**WHAT YOU HAVE TO DO:**
Would you please output, word for word, the span of the listing below that opens on the line containing "diameter of A5" and closes on the line containing "of A4.centre A3.centre"? Include both ends and nothing more.

- Opening Delimiter -

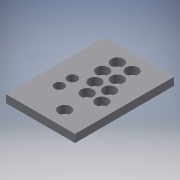
# Autodesk Inventor part: controlBoard
Saved by Autodesk Inventor 2017 (Build 210142000, 142)
## iProperties
Created: 2019-03-08
Part Number: controlBoard
Material: Generic
Document SubType Name: Modeling
Designer: Mitch
Density: 1 g/cm^3
Appearance: Default
Author: Mitch
Autodesk Inventor part; units mm, degrees
ref_plane "YZ Plane" through (0, 0, 0) normal (1, 0, 0) x (0, 1, 0)
ref_plane "XZ Plane" through (0, 0, 0) normal (0, 1, 0) x (-1, 0, 0)
ref_plane "XY Plane" through (0, 0, 0) normal (0, 0, 1) x (1, 0, 0)
sketch "Sketch1" plane through (0, 0, 0) normal (0, 1, 0) x (-1, 0, 0)
  line L0 (0, 0) -> (168.275, 0)
  line L1 (168.275, 0) -> (168.275, -241.3)
  line L2 (168.275, -241.3) -> (0, -241.3)
  line L3 (0, -241.3) -> (0, 0)
  dimension "d0" = 168.275
  dimension "d1" = 241.3
  constraints: 8 end point, 2 parallel, 1 horizontal, 1 perpendicular
  measures "d0" distance of L1.end L2.end
  measures "d1" distance of L0.end L1.end
extrude "Extrusion1" add sketch "Sketch1" along normal blind 19.05
sketch "Sketch2" plane through (0, 19.05, 0) normal (0, 1, 0) x (1, 0, 0)
  circle A0 centre (-63.5, 38.1) radius 14.986
  circle A1 centre (-71.501, 101.092) radius 14.986
  circle A2 centre (-85.471, 133.858) radius 14.986
  circle A3 centre (-99.441, 166.624) radius 14.986
  circle A4 centre (-99.441, 202.6158) radius 14.986
  circle A5 centre (-35.56, 101.092) radius 14.986
  circle A6 centre (-49.53, 133.858) radius 14.986
  circle A7 centre (-63.5, 166.624) radius 14.986
  circle A8 centre (-63.5, 202.6158) radius 14.986
  line L0 (0, 0) -> (-168.275, 0) projected
  circle A9 centre (-120.65, 82.55) radius 11.7475
  circle A10 centre (-120.65, 114.3) radius 11.7475
  line L1 (0, 0) -> (0, 241.3) projected
  dimension "d4" = 29.972
  dimension "d5" = 29.972
  dimension "d6" = 29.972
  dimension "d7" = 29.972
  dimension "d8" = 29.972
  dimension "d9" = 29.972
  dimension "d10" = 29.972
  dimension "d11" = 29.972
  dimension "d12" = 29.972
  dimension "d13" = 62.992
  dimension "d14" = 62.992
  dimension "d15" = 32.766
  dimension "d16" = 32.766
  dimension "d17" = 32.766
  dimension "d18" = 32.766
  dimension "d19" = 35.9918
  dimension "d20" = 35.9918
  dimension "d22" = 13.97
  dimension "d23" = 13.97
  dimension "d24" = 8.001
  dimension "d25" = 8.001
  dimension "d26" = 13.97
  dimension "d27" = 13.97
  dimension "d28" = 13.97
  dimension "d29" = 38.1
  dimension "d30" = 23.495
  dimension "d31" = 82.55
  dimension "d33" = 23.495
  dimension "d35" = 31.75
  dimension "d38" = 63.5
  dimension "d39" = 8.001
  dimension "d40" = 120.65
  dimension "d41" = 120.65
  constraints: 11 centre point
  measures "d4" diameter of A0
  measures "d5" diameter of A1
  measures "d6" diameter of A2
  measures "d7" diameter of A3
  measures "d8" diameter of A4
  measures "d9" diameter of A5
  measures "d10" diameter of A6
  measures "d11" diameter of A7
  measures "d12" diameter of A8
  measures "d13" vertical distance of A5.centre A0.centre
  measures "d14" vertical distance of A1.centre A0.centre
  measures "d15" vertical distance of A6.centre A5.centre
  measures "d16" vertical distance of A2.centre A1.centre
  measures "d17" vertical distance of A7.centre A6.centre
  measures "d18" vertical distance of A3.centre A2.centre
  measures "d19" distance of A8.centre A7.centre
  measures "d20" distance of A4.centre A3.centre
  measures "d22" horizontal distance of A4.centre A2.centre
  measures "d23" horizontal distance of A1.centre A2.centre
  measures "d24" horizontal distance of A8.centre A1.centre
  measures "d25" horizontal distance of A1.centre A7.centre
  measures "d26" horizontal distance of A6.centre A7.centre
  measures "d27" horizontal distance of A5.centre A6.centre
  measures "d28" horizontal distance of A2.centre A3.centre
  measures "d29" distance from line of L0 A0.centre
  measures "d30" diameter of A9
  measures "d31" distance from line of L0 A9.centre
  measures "d33" diameter of A10
  measures "d35" distance of A9.centre A10.centre
  measures "d38" distance from line of L1 A0.centre
  measures "d39" horizontal distance of A0.centre A1.centre
  measures "d40" distance from line of L1 A9.centre
  measures "d41" distance from line of L1 A10.centre
extrude "Extrusion2" cut sketch "Sketch2" against normal blind 25.4
body "Solid1"

- Closing Delimiter -

**RESPONSE BELOW:**
  measures "d9" diameter of A5
  measures "d10" diameter of A6
  measures "d11" diameter of A7
  measures "d12" diameter of A8
  measures "d13" vertical distance of A5.centre A0.centre
  measures "d14" vertical distance of A1.centre A0.centre
  measures "d15" vertical distance of A6.centre A5.centre
  measures "d16" vertical distance of A2.centre A1.centre
  measures "d17" vertical distance of A7.centre A6.centre
  measures "d18" vertical distance of A3.centre A2.centre
  measures "d19" distance of A8.centre A7.centre
  measures "d20" distance of A4.centre A3.centre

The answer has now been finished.